4. E’ invece fondato il secondo motivo con cui il ricorrente denuncia la violazione e falsa applicazione del D.Lgs. n. 25 del 2008, art. 35-bis, commi 9, 10 e 11, per avere omesso il Tribunale di fissare l’udienza di comparizione delle parti in assenza di videoregistrazione dell’audizione in sede amministrativa, è fondato.

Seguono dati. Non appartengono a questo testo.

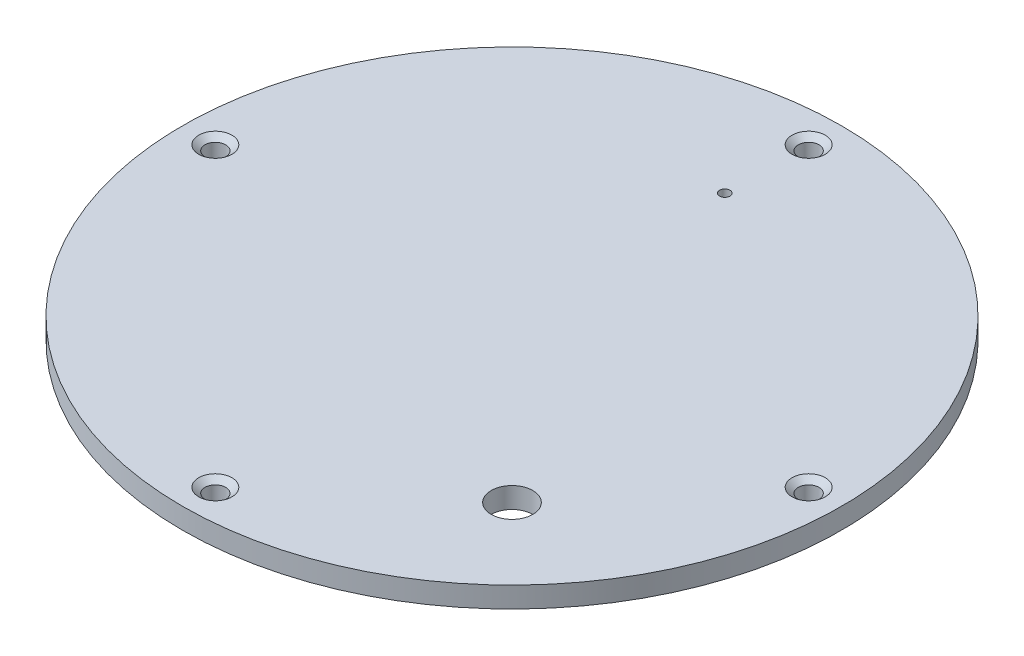
from build123d import *

# Parameters (mm, degrees)
SKETCH1_R                                       = 15.875
BOSS_EXTRUDE1_DEPTH                             = 1
CUT_EXTRUDE1_DEPTH                              = 23.472900347
CUT_EXTRUDE1_DEPTH_BACK                         = 23.472900347
SKETCH6_R                                       = 0.25
SKETCH6_R_2                                     = 1
CSK_FOR_M2_FLAT_HEAD_MACHINE_SCREW1_D           = 1
CSK_FOR_M2_FLAT_HEAD_MACHINE_SCREW1_CSINK_D     = 1.6
CSK_FOR_M2_FLAT_HEAD_MACHINE_SCREW1_CSINK_ANGLE = 100


with BuildPart() as part:
    # Sketch1 → Boss-Extrude1 (new body)
    with BuildSketch(Plane(origin=(0, 0, 0), x_dir=(1, 0, 0), z_dir=(0, 1, 0))):
        with Locations(Location((0, 0, 0), (0, 0, 270))):
            Circle(SKETCH1_R)
    extrude(amount=BOSS_EXTRUDE1_DEPTH)

    # Sketch6 → Cut-Extrude1 (cut, two sides: drawn at the far end of the back side and taken through both)
    with BuildSketch(Plane(origin=(0, 1, 0), x_dir=(1, 0, 0), z_dir=(0, 1, 0)).offset(-CUT_EXTRUDE1_DEPTH_BACK)):
        with Locations(Location((0, 10.25, 0), (0, 0, 270))):
            Circle(SKETCH6_R)
        with Locations(Location((7.778174593, -7.778174593, 0), (0, 0, 270))):
            Circle(SKETCH6_R_2)
    extrude(amount=CUT_EXTRUDE1_DEPTH + CUT_EXTRUDE1_DEPTH_BACK, mode=Mode.SUBTRACT)

    # CSK for M2 Flat Head Machine Screw1 (through all)
    with Locations(Plane(origin=(0, 1, 0), x_dir=(1, 0, 0), z_dir=(0, 1, 0))):
        with Locations((0, 14.29), (-14.29, 0), (0, -14.29), (14.29, 0)):
            CounterSinkHole(CSK_FOR_M2_FLAT_HEAD_MACHINE_SCREW1_D / 2, CSK_FOR_M2_FLAT_HEAD_MACHINE_SCREW1_CSINK_D / 2, counter_sink_angle=CSK_FOR_M2_FLAT_HEAD_MACHINE_SCREW1_CSINK_ANGLE)


solid = part.part
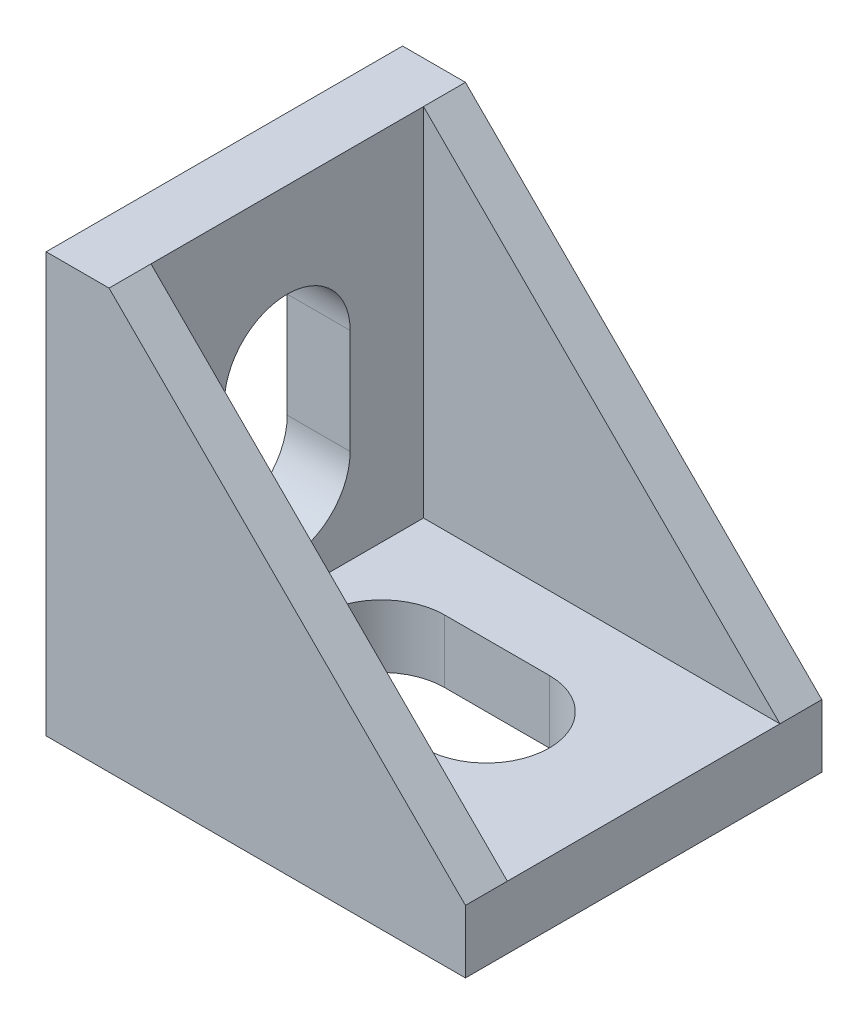
from build123d import *

# Parameters (mm, degrees)
SKETCH_1_W          = 20
SKETCH_1_H          = 17
EXTRUDE_1_DEPTH     = 3
SKETCH_4_W          = 17
SKETCH_4_H          = 20
EXTRUDE_2_DEPTH     = 3
EXTRUDE_3_DEPTH     = 2
EXTRUDE_4_DEPTH     = 2
CUT_EXTRUDE_2_DEPTH = 12
EXTRUDE_6_DEPTH     = 1
EXTRUDE_7_DEPTH     = 1


with BuildPart() as part:
    # 草图1 → 凸台-拉伸1 (new body)
    with BuildSketch(Plane(origin=(0, 0, 0), x_dir=(1, 0, 0), z_dir=(0, 1, 0))):
        with Locations((0.384615385, 1.297202797)):
            Rectangle(SKETCH_1_W, SKETCH_1_H)
        with BuildLine():
            Line((-2.115384615, 4.297202797), (2.884615385, 4.297202797))
            ThreePointArc((2.884615385, 4.297202797), (5.884615385, 1.297202797), (2.884615385, -1.702797203))
            Line((2.884615385, -1.702797203), (-2.115384615, -1.702797203))
            ThreePointArc((-2.115384615, -1.702797203), (-5.115384615, 1.297202797), (-2.115384615, 4.297202797))
        make_face(mode=Mode.SUBTRACT)
    extrude(amount=EXTRUDE_1_DEPTH)

    # 草图4 → 凸台-拉伸2 (add)
    with BuildSketch(Plane.ZY.offset(9.615384615)):
        with Locations((-1.297202797, 10)):
            Rectangle(SKETCH_4_W, SKETCH_4_H)
    extrude(amount=-EXTRUDE_2_DEPTH)

    # 草图6 → 凸台-拉伸3 (add)
    with BuildSketch(Plane.XY.offset(7.202797203)):
        Polygon((-6.615384615, 20), (10.384615385, 3), (-6.615384615, 3), align=None)
    extrude(amount=-EXTRUDE_3_DEPTH)

    # 草图7 → 凸台-拉伸4 (add)
    with BuildSketch(Plane(origin=(0, 0, -9.797202797), x_dir=(-1, 0, 0), z_dir=(0, 0, -1))):
        Polygon((6.615384615, 20), (6.615384615, 3), (-10.384615385, 3), align=None)
    extrude(amount=-EXTRUDE_4_DEPTH)

    # 草图5 → 切除-拉伸2 (cut)
    with BuildSketch(Plane(origin=(-6.615384615, 0, 0), x_dir=(0, 0, -1), z_dir=(1, 0, 0))):
        with BuildLine():
            Line((4.297202797, 12.5), (4.297202797, 7.5))
            ThreePointArc((4.297202797, 7.5), (1.297202797, 4.5), (-1.702797203, 7.5))
            Line((-1.702797203, 7.5), (-1.702797203, 12.5))
            ThreePointArc((-1.702797203, 12.5), (1.297202797, 15.5), (4.297202797, 12.5))
        make_face()
    extrude(amount=-CUT_EXTRUDE_2_DEPTH, mode=Mode.SUBTRACT)

    # 草图9 → 凸台-拉伸6 (add)
    with BuildSketch(Plane.ZY.offset(9.615384615)):
        with BuildLine():
            Line((-2.197202797, 18.65), (-0.397202797, 18.65))
            ThreePointArc((-0.397202797, 18.65), (0.502797203, 17.75), (-0.397202797, 16.85))
            Line((-0.397202797, 16.85), (-2.197202797, 16.85))
            ThreePointArc((-2.197202797, 16.85), (-3.097202797, 17.75), (-2.197202797, 18.65))
        make_face()
        with BuildLine():
            Line((-2.197202797, 3.15), (-0.397202797, 3.15))
            ThreePointArc((-0.397202797, 3.15), (0.502797203, 2.25), (-0.397202797, 1.35))
            Line((-0.397202797, 1.35), (-2.197202797, 1.35))
            ThreePointArc((-2.197202797, 1.35), (-3.097202797, 2.25), (-2.197202797, 3.15))
        make_face()
    extrude(amount=EXTRUDE_6_DEPTH)

    # 草图10 → 凸台-拉伸7 (add)
    with BuildSketch(Plane.XZ):
        with BuildLine():
            Line((-6.465384615, -0.397202797), (-6.465384615, -2.197202797))
            ThreePointArc((-6.465384615, -2.197202797), (-7.365384615, -3.097202797), (-8.265384615, -2.197202797))
            Line((-8.265384615, -2.197202797), (-8.265384615, -0.397202797))
            ThreePointArc((-8.265384615, -0.397202797), (-7.365384615, 0.502797203), (-6.465384615, -0.397202797))
        make_face()
        with BuildLine():
            Line((9.034615385, -0.397202797), (9.034615385, -2.197202797))
            ThreePointArc((9.034615385, -2.197202797), (8.134615385, -3.097202797), (7.234615385, -2.197202797))
            Line((7.234615385, -2.197202797), (7.234615385, -0.397202797))
            ThreePointArc((7.234615385, -0.397202797), (8.134615385, 0.502797203), (9.034615385, -0.397202797))
        make_face()
    extrude(amount=EXTRUDE_7_DEPTH)


solid = part.part

Questa Corte ha, infatti, affermato – con orientamento che il Collegio condivide – che, ove non sia disponibile la videoregistrazione con mezzi audiovisivi dell’audizione del richiedente la protezione dinanzi alla Commissione territoriale, il giudice di merito, chiamato a decidere del ricorso avverso la decisione adottata dalla Commissione, è tenuto a fissare l’udienza di comparizione delle parti a pena di nullità del suo provvedimento decisorio, salvo il caso in cui il richiedente abbia dichiarato di non volersi avvalere del supporto contenente la registrazione del colloquio (Cass., 17/4/2019, n. 10786; Cass., ord. 23/5/2019, n. 14148; Cass., 05/07/2018, n. 17717; Cass., 26/10/2018, n. 27182; Cass., 11/12/2018, n. 32029).

4.1. A diversa conclusione non può neppure indurre il fatto che il ricorrente non abbia riproposto le censure di merito, ma si sia limitato a dedurre l’esistenza della violazione processuale in parola. E’, infatti, evidente che, nel caso di specie, la violazione processuale, in quanto incide su di un elemento centrale del procedimento, diretto a consentire al giudice di valutare il colloquio con il richiedente in tutti i suoi risvolti, inclusi quelli non verbali, anche in ragione della natura camerale del giudizio, ha delle palesi ricadute sullo svolgimento del contraddittorio e sull’esercizio del diritto di difesa (ex multis vedi: Cass., 17/4/2019, n. 10786).

4.2. La censura deve, di conseguenza, essere accolta, cassandosi l’impugnato decreto con rinvio al Tribunale di Torino in diversa composizione, che dovrà procedere a nuovo esame del merito della controversia, facendo applicazione del principio di diritto suesposto, e provvedendo, altresì, alla liquidazione delle spese del presente giudizio.

5. Restano, pertanto, assorbiti gli altri motivi di ricorso (il terzo ed il quarto) con cui si è rispettivamente dedotto: a) violazione e falsa applicazione del combinato disposto del D.Lgs. n. 25 del 2008, art. 8, comma 3 e D.Lgs. n. 251 del 2007, art. 14, comma 1, lett. b) e c); b) violazione e falsa applicazione dell’art. 5, comma 6, in relazione all’art. 10 Cost., comma 3.

P.Q.M.

Accoglie il ricorso e cassa il decreto impugnato, rinviando al Tribunale di Torino in diversa composizione, cui demanda di provvedere anche sulle spese del giudizio di legittimità.

Così deciso in Roma, il 19 dicembre 2019.